Ребята приблизились к Ивилике.
— Что с тобой? — участливо спросила Ася. — Что-то болит?
— Ну конечно, что-то болит! — капризно поморщилась та. — А то бы валялась я здесь… Я плохо спала… Это бывает… в последнее время… Эти сны! — громко, с ненавистью воскликнула вдруг она, но сейчас же поморщилась от боли и снова заговорила тихо: — голова раскалывается от них… Садитесь!
Друзья сели возле неё на деревянные кресла с синими мягкими подушками.
— У вас во дворце всё синее? — попытался отвлечь её мысли от боли Сергей.
— Лазоревое, — тихо выговорила Ивилика, точно в полузабытьи, прикрыв глаза. — Да, почти всё… Это же цвета нашего герба… И где-то оно, Лазурное озеро… Никто не знает! А как бы оно нам помогло, и мне, и Зелерине, и брату… Иногда мне так плохо, что я хочу уйти за двери сна и не вернуться… Там, говорят, дрёма, покой… Рута там не страдала… Вот и Зелерине лучше, чем мне… Видно, прав мой брат — проклят наш род!..
— Прости, госпожа, — тихонько проговорила Ася, — мы не понимаем тебя. О каких дверях сна ты говоришь? Кто такая Рута?

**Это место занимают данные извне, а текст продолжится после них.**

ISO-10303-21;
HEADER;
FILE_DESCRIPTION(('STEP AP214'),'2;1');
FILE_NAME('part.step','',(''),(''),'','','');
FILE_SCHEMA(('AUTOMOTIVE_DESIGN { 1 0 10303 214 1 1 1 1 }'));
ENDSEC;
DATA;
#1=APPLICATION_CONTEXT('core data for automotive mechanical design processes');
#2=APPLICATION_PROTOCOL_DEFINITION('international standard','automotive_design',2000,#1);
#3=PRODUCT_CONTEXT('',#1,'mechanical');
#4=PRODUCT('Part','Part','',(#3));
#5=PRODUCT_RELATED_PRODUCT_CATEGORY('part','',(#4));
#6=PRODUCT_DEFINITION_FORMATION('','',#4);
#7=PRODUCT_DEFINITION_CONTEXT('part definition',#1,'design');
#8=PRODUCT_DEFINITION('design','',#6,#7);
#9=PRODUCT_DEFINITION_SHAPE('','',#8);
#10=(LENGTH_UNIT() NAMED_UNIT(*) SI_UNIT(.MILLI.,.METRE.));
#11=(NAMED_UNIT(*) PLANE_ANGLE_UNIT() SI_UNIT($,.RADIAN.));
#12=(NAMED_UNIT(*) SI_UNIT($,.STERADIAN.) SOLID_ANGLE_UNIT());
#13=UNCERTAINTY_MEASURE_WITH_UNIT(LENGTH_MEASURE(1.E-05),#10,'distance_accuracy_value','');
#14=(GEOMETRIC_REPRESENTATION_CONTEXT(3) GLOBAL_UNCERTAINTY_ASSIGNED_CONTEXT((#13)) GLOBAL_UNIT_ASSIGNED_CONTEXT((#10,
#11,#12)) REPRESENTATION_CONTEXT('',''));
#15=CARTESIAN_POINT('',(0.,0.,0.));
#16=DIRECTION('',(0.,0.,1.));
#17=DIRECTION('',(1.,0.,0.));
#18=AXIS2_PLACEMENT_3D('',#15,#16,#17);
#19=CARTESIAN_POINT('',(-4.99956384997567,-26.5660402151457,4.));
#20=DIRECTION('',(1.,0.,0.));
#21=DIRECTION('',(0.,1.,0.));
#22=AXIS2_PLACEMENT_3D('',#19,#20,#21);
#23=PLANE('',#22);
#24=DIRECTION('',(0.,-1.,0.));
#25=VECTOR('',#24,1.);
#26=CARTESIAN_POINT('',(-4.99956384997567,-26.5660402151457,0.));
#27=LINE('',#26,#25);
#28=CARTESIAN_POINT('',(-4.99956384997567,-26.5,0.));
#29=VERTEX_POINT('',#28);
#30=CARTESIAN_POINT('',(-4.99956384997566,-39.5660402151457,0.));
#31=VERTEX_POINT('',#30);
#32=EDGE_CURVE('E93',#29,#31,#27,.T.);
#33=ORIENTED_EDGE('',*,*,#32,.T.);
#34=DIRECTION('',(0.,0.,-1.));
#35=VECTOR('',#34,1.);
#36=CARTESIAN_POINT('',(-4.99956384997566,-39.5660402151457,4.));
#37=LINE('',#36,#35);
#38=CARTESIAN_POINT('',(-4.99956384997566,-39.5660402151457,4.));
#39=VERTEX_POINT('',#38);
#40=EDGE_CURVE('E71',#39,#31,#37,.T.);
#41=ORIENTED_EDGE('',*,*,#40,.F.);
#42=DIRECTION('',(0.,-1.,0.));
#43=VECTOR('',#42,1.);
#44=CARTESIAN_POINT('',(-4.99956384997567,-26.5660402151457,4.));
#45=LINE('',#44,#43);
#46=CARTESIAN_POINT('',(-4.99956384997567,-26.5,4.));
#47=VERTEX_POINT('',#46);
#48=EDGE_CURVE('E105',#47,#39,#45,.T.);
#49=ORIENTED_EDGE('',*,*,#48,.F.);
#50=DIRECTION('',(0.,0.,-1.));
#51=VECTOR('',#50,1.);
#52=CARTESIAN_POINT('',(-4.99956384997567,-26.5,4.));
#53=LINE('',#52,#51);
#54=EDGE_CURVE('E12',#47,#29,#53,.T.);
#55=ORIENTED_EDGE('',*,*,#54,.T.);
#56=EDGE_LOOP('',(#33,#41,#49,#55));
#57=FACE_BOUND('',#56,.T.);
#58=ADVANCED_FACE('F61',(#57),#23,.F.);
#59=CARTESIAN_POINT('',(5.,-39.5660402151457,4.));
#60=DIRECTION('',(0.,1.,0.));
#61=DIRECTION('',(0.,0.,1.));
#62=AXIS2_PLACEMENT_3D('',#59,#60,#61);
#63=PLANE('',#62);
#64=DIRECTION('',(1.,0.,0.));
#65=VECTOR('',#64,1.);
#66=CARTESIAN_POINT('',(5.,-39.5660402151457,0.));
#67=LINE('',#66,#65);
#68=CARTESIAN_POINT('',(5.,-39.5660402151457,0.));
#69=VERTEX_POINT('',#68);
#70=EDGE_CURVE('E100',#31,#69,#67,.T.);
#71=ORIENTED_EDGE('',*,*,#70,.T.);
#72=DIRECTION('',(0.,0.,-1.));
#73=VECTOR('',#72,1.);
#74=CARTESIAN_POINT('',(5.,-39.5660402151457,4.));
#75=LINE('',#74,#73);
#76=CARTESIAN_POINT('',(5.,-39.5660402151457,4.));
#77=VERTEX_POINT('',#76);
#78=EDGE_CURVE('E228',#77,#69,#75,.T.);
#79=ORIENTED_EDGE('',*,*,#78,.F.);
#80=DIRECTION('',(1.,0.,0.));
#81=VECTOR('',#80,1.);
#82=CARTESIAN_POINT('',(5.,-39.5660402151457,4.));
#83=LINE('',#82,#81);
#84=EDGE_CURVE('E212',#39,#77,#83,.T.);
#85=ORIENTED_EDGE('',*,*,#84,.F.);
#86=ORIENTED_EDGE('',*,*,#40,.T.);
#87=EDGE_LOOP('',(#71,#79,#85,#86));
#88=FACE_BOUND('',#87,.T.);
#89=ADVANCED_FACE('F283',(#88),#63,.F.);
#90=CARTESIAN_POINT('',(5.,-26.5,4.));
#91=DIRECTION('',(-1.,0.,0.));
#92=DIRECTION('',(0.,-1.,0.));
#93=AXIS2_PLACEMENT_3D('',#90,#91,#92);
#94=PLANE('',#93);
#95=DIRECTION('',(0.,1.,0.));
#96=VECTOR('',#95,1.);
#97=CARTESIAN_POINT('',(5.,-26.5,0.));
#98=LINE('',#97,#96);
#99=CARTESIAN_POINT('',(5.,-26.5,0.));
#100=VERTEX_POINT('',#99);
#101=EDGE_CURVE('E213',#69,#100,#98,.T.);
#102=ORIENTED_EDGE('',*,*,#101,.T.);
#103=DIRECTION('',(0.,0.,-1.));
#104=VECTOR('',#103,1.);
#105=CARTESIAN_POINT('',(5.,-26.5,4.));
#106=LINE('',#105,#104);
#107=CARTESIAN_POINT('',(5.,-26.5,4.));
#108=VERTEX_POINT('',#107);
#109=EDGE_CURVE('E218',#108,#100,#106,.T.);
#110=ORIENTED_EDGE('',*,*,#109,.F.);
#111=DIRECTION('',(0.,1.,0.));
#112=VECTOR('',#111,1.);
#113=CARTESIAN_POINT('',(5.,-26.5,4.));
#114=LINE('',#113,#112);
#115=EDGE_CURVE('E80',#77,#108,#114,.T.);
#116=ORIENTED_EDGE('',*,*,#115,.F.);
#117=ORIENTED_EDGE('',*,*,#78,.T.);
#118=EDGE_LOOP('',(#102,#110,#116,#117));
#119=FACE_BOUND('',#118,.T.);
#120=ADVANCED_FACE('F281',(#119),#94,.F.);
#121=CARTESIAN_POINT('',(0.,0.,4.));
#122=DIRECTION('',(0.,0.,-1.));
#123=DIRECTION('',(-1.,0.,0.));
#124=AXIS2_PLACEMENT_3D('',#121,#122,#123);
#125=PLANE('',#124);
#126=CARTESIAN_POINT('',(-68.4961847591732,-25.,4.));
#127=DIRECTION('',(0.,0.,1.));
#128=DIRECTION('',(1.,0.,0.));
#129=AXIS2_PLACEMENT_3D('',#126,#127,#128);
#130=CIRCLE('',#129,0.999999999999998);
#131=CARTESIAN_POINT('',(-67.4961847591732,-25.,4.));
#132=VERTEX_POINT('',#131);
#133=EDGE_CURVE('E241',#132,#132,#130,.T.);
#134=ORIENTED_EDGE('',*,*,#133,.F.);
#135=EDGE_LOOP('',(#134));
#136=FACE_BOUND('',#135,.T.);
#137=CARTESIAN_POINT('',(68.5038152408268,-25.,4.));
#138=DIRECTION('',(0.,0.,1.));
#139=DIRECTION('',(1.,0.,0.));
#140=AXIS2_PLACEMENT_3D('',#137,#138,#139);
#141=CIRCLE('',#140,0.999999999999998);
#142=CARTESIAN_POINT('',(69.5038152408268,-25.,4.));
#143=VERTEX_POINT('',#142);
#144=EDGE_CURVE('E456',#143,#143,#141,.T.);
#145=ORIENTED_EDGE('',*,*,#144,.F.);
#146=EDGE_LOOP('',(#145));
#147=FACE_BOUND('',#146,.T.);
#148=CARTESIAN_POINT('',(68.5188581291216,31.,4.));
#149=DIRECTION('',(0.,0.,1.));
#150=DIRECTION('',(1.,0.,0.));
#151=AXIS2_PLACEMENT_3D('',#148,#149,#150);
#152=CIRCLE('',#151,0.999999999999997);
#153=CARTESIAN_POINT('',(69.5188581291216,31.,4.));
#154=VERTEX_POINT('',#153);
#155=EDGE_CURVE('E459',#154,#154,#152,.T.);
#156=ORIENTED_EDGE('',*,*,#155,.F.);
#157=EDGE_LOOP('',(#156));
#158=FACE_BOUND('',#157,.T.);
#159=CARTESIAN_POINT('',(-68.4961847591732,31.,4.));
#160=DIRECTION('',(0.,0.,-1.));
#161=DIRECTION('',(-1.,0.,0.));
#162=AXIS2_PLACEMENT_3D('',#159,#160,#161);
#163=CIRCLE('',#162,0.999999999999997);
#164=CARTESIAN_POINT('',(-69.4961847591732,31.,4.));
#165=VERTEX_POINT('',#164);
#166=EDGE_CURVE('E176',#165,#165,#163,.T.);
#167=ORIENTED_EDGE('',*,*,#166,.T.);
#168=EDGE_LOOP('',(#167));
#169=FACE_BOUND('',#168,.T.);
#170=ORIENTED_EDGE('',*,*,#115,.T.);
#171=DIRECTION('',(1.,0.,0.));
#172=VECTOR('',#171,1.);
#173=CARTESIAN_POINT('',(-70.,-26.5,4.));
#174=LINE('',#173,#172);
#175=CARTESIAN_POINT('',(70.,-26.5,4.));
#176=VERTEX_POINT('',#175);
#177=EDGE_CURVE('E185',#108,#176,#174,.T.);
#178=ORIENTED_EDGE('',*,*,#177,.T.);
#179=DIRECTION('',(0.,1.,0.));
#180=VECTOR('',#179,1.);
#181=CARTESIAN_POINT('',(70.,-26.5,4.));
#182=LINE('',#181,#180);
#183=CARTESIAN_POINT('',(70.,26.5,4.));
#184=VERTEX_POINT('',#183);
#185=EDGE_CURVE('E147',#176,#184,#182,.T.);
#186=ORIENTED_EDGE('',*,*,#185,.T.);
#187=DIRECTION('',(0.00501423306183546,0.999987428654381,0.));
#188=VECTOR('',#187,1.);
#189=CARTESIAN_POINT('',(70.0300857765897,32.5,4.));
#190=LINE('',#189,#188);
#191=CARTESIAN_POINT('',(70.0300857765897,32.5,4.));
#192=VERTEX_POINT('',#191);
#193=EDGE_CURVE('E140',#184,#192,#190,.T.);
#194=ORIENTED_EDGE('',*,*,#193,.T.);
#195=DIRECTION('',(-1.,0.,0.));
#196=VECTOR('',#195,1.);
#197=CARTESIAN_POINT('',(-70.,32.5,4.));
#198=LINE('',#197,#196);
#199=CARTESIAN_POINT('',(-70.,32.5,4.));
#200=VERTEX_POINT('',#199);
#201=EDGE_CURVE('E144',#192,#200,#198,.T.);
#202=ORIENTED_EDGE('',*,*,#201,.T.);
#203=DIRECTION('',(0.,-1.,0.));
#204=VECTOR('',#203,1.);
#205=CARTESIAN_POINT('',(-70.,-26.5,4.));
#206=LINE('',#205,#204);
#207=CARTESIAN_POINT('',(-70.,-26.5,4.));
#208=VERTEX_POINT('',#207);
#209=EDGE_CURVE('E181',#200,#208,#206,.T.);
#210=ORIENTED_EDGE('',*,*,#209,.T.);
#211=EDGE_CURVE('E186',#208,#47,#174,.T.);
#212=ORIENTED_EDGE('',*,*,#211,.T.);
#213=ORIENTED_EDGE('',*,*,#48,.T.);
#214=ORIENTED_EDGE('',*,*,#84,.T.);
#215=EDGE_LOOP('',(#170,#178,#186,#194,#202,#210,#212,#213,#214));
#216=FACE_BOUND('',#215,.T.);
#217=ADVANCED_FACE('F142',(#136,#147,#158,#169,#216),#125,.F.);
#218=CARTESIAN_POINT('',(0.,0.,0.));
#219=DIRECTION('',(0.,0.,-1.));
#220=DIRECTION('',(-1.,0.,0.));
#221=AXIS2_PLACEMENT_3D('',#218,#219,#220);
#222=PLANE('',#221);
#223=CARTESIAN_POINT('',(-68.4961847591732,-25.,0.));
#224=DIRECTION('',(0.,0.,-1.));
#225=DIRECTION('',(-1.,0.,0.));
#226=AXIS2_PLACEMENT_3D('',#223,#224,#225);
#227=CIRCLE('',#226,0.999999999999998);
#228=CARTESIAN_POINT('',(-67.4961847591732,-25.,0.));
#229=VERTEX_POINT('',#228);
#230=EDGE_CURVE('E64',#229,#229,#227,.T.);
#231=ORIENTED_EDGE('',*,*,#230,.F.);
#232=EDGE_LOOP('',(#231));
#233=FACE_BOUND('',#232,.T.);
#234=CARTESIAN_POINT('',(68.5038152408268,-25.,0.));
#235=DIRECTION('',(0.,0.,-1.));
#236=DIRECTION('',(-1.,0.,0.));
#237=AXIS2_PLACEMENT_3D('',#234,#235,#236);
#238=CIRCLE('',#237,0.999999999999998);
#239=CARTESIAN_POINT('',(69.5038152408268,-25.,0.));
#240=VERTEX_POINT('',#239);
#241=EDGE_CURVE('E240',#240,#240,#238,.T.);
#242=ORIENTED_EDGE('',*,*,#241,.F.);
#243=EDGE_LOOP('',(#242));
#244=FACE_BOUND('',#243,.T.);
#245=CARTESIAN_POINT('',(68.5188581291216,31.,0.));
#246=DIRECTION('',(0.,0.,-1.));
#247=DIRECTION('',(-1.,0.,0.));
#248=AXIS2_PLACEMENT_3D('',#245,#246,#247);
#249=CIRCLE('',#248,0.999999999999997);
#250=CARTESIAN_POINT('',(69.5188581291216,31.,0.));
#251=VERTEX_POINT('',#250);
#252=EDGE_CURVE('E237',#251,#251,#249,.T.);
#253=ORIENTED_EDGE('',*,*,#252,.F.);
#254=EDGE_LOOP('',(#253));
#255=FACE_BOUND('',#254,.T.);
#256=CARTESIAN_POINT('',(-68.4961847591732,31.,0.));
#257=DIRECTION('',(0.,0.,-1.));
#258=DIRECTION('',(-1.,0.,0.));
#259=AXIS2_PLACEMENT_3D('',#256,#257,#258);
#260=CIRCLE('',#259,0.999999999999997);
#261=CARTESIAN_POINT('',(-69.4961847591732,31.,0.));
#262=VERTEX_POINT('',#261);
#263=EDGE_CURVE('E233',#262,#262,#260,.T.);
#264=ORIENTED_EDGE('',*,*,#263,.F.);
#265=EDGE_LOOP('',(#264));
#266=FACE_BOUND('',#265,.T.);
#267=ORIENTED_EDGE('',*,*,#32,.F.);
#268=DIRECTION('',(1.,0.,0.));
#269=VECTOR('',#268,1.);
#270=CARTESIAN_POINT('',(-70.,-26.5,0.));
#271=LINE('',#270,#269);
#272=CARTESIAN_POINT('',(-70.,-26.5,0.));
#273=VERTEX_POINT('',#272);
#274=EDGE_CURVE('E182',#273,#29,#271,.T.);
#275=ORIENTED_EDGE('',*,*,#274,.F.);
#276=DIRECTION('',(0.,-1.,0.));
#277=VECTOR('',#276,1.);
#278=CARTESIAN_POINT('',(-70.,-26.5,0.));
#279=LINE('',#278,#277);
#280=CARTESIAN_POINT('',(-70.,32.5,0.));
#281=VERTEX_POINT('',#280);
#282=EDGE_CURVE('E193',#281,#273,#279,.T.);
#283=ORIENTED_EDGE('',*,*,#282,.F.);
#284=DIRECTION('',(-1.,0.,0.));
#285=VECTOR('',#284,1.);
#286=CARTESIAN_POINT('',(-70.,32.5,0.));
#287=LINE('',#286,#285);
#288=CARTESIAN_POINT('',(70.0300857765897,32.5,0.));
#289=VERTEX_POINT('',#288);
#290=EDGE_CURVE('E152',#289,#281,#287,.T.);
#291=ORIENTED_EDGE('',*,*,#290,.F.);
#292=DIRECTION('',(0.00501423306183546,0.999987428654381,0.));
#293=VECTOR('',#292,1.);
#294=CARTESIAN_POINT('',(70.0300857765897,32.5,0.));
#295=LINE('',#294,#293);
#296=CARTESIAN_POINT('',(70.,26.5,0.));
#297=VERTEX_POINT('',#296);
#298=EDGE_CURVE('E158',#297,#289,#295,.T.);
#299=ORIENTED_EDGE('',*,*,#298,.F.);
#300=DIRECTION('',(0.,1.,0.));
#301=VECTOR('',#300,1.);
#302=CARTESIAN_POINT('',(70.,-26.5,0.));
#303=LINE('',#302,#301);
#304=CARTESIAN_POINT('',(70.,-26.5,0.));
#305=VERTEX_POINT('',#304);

Ивилика приоткрыла больные глаза:
— Вы не знаете?! А гербы носите! Эх, вы!.. — воскликнула, было, она, но на её обычную задиристость у неё сегодня не было сил, и она, вновь опустив ресницы, велела глухим, невыразительным голосом: — Так позовите Радко, пусть он прочитает вам наше семейное предание. И я отвлекусь…
Радко явился минут через пять, свежий и радостный, почтительно поклонился сначала княжне, потом — ребятам, встал перед лежанкой княжны, развернул тоненький свиток и нараспев начал читать…
Случилось это давным-давно, в незапамятные времена, когда солнце светило ярче, птицы пели громче, а люди были отважнее и сильнее. По древнему обычаю нашей земли, царевна Рута из Полянского царства с детства была сговорена с князем нашим Кулмеем. И вот, настал им срок обручиться, и гордый северный царь привёз счастливую юную Руту к нам в Заозёрье. С великими почестями встречал их Кулмей! Весь город, весь замок украшены были цветами, по вечерам все улицы и дома сверкали праздничными огнями пунцовых, зелёных и голубых фонарей, сверкавших, как самоцветы. Роскошные предсвадебные пиры сменялись весёлыми танцами, танцы — гуляньями, гулянья — пирами. И народ, и воины, и царедворцы — все радовались и ликовали, и, казалось, веселью не будет конца. И тогда князь Кулмей, упоённый пышными торжествами, возгордился в душе своей. Пришла ему дума, что счастье его, и величие власти, и богатство Крутого Верха — дело только его собственных рук. И не отверг он её, и не воздал хвалы Благословенному за Его дары. Поднялась его гордость крутой стеной до самых небес, и встала она между ним и защитой Благого. И тогда Крутой Верх постигла беда.